**What you should do:** Every line with the word "VECTOR" in it should be extracted from the data that follows.

**Available data:**
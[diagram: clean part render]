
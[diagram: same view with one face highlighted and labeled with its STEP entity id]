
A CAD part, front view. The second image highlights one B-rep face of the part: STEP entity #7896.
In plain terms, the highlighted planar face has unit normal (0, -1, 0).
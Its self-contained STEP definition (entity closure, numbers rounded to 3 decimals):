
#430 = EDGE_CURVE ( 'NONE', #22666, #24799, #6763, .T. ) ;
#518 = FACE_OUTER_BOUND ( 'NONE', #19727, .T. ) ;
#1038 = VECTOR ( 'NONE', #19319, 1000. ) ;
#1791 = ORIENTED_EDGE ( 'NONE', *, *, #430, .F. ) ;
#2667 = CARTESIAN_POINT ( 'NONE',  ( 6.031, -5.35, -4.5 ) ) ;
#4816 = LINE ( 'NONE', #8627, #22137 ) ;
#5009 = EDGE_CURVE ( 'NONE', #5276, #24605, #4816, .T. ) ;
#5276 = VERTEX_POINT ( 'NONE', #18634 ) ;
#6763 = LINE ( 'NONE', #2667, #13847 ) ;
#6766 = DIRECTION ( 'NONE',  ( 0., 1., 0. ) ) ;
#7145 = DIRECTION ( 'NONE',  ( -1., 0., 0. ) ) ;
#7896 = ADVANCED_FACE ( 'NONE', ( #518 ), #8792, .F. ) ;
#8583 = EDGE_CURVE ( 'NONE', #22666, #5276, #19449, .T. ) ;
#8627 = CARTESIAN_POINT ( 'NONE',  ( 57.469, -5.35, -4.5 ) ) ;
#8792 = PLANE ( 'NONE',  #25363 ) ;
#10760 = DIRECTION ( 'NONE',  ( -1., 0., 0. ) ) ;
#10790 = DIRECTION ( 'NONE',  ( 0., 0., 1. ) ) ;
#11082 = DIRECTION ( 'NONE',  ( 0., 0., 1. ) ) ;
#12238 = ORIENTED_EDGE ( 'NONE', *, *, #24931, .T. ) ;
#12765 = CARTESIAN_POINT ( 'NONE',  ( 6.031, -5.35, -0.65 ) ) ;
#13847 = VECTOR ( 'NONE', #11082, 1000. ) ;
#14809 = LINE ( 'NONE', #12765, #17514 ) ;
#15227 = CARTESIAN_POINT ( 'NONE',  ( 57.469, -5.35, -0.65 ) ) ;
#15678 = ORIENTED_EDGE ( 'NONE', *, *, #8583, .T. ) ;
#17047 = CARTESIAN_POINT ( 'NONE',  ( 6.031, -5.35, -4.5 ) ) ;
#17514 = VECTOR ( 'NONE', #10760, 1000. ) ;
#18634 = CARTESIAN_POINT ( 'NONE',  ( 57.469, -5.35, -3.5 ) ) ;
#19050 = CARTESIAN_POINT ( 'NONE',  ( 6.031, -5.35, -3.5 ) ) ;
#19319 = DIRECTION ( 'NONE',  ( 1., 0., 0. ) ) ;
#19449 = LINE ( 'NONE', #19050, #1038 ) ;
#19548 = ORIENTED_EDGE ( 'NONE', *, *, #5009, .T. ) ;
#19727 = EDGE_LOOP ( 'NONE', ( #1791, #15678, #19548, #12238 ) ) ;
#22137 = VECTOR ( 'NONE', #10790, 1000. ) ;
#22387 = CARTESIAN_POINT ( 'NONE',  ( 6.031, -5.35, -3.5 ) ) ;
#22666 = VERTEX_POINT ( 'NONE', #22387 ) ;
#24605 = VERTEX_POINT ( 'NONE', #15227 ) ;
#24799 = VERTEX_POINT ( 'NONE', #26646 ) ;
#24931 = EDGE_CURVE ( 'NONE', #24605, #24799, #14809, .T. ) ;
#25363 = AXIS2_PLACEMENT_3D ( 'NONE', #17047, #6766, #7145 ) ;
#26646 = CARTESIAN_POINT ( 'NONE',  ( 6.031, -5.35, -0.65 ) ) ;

**Answer below:**
#1038 = VECTOR ( 'NONE', #19319, 1000. ) ;
#13847 = VECTOR ( 'NONE', #11082, 1000. ) ;
#17514 = VECTOR ( 'NONE', #10760, 1000. ) ;
#22137 = VECTOR ( 'NONE', #10790, 1000. ) ;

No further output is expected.